Clinical trial planning and reporting
Introduction
Our experts supported two separate phases II, randomized, double-blind, placebo-controlled trials to evaluate two candidate vaccines (Rotarix and Pneumovax) in multiple settings.
About the Client
Both companies are among the leading multinational pharmaceutical companies in the world
Business Issues
- Appropriate plans and designs of the trial (e.g., Randomized? Equivalence?)

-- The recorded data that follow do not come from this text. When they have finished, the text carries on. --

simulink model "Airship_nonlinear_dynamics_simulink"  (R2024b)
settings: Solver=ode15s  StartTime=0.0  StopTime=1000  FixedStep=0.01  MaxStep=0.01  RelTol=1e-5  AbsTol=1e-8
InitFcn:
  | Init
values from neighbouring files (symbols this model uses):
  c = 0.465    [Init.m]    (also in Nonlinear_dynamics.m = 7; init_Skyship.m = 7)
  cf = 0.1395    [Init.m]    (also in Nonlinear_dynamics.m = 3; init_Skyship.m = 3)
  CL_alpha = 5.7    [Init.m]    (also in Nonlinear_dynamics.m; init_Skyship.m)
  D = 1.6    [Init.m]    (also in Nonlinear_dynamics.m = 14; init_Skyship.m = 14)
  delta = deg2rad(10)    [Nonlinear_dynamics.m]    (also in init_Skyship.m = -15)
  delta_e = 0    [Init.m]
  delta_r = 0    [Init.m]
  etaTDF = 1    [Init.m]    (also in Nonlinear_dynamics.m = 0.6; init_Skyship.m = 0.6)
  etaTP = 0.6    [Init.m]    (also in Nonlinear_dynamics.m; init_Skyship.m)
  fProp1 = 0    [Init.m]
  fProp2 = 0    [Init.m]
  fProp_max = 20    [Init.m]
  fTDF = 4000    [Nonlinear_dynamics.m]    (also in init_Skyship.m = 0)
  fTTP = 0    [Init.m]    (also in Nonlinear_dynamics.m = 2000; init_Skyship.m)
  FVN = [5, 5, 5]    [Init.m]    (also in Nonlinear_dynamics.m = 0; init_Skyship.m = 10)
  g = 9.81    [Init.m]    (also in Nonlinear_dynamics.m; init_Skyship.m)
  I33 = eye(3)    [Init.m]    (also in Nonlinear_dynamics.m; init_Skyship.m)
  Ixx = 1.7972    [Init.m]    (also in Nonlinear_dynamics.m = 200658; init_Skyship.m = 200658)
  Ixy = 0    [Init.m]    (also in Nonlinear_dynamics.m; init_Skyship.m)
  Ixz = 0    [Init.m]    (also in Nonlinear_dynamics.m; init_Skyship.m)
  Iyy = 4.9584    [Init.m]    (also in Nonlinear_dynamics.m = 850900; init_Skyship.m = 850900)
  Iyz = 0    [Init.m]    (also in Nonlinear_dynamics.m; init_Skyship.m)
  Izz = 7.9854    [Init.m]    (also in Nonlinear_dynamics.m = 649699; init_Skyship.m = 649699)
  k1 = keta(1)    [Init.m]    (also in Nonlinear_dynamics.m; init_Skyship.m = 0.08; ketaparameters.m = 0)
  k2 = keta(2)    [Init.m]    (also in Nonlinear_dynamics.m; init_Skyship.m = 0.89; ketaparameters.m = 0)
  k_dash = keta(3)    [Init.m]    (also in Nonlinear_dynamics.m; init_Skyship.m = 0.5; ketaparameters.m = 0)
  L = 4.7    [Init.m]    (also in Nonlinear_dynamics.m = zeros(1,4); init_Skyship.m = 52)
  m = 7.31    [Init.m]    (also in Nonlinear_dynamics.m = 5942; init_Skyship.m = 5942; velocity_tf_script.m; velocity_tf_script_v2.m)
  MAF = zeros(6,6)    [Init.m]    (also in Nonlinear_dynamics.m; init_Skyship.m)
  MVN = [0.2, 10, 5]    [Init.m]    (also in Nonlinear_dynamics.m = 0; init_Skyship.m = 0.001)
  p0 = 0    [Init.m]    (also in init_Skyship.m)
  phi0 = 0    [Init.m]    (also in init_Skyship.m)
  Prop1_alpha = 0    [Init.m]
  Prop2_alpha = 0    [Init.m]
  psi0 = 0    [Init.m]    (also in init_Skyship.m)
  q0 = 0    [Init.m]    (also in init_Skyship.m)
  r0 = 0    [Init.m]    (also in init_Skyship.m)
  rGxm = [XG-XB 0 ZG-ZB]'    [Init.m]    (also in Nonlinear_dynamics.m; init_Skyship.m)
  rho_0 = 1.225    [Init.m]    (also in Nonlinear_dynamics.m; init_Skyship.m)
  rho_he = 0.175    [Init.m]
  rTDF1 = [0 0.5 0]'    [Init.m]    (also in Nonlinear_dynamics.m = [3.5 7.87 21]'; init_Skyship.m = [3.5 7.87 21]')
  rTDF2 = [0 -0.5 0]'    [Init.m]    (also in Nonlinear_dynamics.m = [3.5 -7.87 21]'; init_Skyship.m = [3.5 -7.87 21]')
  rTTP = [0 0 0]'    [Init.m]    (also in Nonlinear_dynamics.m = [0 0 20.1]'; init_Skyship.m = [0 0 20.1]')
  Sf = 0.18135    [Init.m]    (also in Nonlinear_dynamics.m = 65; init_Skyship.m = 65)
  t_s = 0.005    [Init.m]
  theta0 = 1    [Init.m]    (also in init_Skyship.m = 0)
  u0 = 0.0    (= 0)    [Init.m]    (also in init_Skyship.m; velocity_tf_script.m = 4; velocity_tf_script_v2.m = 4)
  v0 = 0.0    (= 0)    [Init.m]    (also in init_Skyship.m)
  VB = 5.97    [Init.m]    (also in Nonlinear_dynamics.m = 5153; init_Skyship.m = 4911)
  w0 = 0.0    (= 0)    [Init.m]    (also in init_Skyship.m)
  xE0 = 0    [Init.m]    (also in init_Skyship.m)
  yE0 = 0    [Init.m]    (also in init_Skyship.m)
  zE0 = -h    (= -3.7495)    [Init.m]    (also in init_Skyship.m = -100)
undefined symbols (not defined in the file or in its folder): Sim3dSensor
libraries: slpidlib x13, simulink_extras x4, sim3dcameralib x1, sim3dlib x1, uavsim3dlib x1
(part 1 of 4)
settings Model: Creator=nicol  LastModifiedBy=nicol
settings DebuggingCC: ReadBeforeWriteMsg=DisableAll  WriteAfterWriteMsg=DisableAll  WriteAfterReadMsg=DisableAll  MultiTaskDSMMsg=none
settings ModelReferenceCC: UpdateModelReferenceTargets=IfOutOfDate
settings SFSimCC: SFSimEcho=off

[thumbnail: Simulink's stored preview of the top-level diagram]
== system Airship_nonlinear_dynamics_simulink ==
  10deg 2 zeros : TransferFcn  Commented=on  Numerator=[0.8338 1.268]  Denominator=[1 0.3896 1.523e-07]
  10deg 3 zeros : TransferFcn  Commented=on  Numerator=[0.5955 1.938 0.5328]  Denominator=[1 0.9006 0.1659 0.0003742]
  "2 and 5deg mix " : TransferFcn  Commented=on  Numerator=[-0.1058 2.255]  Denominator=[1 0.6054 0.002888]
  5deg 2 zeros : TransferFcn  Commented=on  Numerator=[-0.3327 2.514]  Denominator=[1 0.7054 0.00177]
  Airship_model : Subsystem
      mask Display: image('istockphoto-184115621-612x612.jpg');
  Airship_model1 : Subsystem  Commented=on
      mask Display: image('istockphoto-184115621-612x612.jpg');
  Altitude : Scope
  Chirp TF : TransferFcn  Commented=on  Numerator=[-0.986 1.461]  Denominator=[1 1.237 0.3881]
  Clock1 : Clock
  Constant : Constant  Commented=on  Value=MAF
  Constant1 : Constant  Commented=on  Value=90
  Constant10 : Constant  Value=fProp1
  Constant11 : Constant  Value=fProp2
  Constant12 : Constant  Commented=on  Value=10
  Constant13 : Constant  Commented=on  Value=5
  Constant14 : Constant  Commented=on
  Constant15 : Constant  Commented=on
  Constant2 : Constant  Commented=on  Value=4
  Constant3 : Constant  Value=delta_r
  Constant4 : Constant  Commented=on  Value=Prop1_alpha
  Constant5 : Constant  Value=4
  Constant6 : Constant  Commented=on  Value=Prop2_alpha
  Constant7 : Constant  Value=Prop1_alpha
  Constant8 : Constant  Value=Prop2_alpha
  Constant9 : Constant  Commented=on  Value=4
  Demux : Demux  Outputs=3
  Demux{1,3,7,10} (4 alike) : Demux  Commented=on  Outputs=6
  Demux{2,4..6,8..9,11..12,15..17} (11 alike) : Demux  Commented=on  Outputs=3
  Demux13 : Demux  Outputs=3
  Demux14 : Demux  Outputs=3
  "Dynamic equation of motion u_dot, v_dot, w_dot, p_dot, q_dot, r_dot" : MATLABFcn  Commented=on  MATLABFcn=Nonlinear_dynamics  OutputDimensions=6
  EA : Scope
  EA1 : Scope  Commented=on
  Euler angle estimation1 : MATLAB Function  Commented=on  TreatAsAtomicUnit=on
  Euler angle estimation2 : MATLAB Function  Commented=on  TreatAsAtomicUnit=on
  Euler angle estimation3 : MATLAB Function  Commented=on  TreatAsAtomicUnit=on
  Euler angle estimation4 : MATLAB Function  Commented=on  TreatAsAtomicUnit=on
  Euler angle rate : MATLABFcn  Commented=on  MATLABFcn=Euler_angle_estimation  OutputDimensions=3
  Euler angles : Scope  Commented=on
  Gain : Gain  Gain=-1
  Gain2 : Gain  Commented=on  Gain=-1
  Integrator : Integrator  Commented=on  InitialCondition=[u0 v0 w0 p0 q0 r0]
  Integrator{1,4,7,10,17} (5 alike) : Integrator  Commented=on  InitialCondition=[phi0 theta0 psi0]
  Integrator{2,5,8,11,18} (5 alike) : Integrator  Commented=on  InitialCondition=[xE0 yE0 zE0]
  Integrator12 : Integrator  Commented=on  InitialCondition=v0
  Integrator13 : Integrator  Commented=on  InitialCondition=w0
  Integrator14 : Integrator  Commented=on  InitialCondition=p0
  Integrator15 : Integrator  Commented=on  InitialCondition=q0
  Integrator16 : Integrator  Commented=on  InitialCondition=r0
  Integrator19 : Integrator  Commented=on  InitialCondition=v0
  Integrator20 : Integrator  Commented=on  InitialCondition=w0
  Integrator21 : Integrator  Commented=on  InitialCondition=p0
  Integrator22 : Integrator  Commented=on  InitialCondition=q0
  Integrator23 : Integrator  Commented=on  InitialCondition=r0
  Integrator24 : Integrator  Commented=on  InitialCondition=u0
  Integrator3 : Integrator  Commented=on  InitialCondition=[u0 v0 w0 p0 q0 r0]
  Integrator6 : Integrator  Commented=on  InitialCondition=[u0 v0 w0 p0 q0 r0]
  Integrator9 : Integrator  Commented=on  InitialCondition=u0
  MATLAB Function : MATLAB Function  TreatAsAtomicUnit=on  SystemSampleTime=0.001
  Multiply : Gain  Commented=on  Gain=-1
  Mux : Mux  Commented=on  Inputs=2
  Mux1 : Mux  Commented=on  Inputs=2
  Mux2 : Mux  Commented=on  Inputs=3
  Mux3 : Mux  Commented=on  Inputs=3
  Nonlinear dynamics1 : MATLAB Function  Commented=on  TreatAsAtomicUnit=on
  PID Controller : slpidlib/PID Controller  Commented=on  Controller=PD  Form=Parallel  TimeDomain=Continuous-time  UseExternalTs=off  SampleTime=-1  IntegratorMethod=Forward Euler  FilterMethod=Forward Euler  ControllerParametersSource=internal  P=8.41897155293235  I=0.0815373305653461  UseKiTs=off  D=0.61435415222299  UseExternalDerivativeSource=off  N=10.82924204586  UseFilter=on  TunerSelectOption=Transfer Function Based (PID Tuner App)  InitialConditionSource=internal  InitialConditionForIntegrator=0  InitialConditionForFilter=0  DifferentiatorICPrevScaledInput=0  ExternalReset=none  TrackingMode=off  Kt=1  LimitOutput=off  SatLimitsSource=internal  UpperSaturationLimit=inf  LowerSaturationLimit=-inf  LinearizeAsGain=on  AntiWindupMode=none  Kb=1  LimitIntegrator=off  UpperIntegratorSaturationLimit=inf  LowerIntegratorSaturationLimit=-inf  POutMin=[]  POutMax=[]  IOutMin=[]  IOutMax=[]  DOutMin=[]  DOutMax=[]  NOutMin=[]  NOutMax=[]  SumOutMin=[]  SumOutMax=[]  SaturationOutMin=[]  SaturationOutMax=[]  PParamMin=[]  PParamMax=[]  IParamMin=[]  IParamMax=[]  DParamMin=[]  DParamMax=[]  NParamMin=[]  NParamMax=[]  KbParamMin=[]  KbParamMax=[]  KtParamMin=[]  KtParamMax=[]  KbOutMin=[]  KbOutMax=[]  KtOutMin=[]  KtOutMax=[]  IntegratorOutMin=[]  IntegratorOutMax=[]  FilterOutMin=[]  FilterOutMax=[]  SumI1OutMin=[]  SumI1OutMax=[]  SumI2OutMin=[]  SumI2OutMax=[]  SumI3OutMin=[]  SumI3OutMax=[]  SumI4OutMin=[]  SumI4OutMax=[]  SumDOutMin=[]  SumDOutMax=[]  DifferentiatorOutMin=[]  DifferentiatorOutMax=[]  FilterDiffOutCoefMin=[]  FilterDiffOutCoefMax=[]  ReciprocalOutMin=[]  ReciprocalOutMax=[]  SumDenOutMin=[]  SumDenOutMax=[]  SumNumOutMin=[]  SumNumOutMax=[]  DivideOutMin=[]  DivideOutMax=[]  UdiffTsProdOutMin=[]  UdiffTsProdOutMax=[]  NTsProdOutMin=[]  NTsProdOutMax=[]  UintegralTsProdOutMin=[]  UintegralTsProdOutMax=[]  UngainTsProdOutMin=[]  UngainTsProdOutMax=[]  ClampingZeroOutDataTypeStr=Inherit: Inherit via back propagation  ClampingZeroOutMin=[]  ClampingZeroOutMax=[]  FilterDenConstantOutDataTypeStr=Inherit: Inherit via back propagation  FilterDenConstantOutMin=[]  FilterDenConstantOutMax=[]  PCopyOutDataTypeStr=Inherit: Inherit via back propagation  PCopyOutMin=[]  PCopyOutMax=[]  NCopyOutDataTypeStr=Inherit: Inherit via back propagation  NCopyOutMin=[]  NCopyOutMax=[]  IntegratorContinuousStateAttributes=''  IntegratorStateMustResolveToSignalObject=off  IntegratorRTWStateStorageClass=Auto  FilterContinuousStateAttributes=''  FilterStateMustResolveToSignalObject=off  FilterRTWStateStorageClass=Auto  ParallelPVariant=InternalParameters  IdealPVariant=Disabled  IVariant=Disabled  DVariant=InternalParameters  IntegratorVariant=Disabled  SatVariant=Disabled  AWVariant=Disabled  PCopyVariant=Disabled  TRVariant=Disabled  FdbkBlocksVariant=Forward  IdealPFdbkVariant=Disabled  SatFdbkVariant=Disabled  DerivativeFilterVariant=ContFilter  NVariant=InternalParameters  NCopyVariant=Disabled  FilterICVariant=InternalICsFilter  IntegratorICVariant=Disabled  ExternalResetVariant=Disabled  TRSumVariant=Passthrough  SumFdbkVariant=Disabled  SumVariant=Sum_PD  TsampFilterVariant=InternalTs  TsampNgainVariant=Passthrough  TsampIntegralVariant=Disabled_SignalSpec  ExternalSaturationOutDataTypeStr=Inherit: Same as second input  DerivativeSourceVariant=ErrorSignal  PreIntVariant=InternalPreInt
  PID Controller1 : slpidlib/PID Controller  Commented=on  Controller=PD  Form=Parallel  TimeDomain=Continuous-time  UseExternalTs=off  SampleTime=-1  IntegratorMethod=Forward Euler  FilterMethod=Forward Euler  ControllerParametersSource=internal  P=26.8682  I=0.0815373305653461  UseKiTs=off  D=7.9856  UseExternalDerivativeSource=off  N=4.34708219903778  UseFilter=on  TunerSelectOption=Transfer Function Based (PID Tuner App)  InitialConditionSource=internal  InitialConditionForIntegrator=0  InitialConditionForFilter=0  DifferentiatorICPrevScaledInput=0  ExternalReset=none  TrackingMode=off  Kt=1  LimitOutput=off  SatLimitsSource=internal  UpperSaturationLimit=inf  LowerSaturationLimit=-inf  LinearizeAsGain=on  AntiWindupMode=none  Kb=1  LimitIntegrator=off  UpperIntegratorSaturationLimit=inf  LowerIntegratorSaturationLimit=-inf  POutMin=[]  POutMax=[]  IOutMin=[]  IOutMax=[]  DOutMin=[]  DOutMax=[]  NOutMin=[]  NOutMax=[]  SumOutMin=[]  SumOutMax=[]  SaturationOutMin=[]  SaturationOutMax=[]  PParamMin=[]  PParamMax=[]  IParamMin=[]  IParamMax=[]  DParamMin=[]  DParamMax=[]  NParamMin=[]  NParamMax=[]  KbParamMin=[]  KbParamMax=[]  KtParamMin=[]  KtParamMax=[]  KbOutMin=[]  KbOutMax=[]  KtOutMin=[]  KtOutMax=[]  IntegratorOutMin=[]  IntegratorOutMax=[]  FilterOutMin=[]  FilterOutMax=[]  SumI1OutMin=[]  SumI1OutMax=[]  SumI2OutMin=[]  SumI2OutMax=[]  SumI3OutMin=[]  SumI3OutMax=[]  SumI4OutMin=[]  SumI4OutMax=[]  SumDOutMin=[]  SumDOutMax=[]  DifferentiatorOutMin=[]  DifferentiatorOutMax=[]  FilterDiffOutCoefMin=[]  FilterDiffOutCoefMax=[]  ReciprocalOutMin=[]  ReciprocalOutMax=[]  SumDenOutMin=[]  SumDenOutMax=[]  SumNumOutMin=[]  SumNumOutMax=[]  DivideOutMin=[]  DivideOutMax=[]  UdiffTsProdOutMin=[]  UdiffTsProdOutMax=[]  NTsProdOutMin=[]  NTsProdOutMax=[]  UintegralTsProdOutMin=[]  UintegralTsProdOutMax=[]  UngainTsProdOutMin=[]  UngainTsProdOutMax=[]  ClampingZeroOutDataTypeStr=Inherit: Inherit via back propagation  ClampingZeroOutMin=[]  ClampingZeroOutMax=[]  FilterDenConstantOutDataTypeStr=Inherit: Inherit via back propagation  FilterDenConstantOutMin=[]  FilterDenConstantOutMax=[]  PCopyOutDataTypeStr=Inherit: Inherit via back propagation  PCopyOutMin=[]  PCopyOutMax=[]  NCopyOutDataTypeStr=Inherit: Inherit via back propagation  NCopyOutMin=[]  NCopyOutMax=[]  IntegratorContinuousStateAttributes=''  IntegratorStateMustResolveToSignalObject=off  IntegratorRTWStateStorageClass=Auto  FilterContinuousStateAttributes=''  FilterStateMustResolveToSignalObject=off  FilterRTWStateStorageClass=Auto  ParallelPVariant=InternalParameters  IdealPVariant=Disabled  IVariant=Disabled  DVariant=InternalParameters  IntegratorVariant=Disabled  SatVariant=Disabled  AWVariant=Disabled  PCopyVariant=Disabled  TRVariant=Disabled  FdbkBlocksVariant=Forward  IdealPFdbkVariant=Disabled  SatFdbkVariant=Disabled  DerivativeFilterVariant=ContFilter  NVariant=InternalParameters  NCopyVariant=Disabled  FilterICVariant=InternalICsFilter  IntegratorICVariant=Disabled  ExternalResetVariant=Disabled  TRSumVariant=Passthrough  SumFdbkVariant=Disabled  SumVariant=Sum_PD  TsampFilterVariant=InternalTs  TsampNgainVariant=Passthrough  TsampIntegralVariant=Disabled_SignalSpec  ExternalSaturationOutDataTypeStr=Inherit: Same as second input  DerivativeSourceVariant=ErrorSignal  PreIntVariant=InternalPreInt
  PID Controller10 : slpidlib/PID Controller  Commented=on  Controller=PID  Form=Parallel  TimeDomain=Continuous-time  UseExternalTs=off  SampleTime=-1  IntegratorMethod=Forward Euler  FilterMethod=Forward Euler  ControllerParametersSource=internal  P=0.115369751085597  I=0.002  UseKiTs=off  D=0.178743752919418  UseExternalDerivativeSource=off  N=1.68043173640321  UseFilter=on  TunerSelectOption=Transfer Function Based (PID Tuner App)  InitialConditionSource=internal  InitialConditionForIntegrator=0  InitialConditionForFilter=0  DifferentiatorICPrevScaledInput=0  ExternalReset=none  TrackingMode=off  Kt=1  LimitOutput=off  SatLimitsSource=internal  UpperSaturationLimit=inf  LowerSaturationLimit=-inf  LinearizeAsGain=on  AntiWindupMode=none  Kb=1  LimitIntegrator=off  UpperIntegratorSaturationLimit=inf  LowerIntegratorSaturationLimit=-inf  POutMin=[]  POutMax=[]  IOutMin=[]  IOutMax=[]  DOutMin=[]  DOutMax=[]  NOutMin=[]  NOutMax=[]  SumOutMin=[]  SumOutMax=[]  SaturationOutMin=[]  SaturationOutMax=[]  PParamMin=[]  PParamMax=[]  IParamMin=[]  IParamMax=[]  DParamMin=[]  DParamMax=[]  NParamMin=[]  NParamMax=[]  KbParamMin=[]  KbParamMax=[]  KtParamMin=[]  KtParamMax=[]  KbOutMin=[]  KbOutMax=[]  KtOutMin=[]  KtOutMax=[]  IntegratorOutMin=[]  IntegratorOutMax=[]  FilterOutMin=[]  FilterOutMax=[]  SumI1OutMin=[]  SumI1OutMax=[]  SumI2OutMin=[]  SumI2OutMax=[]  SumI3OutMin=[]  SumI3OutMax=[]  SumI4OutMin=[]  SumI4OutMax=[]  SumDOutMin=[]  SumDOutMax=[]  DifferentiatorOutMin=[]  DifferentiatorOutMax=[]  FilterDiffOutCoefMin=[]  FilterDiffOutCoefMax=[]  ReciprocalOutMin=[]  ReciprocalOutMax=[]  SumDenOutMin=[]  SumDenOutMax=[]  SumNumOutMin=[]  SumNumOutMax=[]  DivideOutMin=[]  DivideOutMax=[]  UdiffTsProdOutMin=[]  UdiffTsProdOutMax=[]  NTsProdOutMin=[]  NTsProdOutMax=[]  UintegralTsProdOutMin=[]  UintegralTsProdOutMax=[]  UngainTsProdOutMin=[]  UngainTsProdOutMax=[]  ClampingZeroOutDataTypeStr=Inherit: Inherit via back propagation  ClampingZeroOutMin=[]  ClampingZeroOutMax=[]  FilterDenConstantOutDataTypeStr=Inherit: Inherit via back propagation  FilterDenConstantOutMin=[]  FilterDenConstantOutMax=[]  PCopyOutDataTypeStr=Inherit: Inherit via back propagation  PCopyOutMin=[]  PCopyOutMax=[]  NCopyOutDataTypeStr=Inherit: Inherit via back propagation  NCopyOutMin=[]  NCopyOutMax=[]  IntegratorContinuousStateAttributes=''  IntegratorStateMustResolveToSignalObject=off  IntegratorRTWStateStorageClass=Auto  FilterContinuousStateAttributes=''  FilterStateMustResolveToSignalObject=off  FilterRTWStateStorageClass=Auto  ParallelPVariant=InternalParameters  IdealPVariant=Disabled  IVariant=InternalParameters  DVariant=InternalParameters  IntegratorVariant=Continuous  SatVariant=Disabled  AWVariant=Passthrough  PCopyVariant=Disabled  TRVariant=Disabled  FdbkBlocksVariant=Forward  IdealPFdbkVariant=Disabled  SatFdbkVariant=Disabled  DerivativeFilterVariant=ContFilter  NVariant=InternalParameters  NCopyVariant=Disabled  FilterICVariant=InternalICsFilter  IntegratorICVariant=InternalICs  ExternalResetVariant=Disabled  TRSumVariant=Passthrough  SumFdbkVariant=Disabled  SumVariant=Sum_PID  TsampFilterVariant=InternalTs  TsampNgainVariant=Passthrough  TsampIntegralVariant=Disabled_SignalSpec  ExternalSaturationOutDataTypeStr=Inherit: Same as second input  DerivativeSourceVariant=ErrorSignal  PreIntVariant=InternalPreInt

- Background reviews and data quantification (e.g., incidence/ prevalence rates) needed to inform the design
- Development of international-standard scientific and operational protocols
- Selection of appropriate trial patients and hospitals
- Train site staff to conduct trial according to Good Clinical Practice guidelines
- Monitor progress, analyze and interpretation of the trial data
Business Consulting Solution
In phase one, following a thorough systematic review, we developed the rationales for the trials. We calculated the initial burden of the diseases in question and estimated the expected efficacy. We defined the primary objective as conducting phase II, randomized, double-blind, placebo-controlled trials to evaluate the vaccines’ immunogenicity, reactogenicity, and safety in question. We developed the scientific and operational protocols based on the available best practices globally. In phase two, we selected the trial sites, conducted a series of staff training, then coordinated and monitored the trial activities. Once the trials were completed, we helped analyze the data.
Results
These trials have shown that immunization with these candidate vaccines has substantial benefits to reduce respiratory and gastrointestinal illness for both mothers and infants.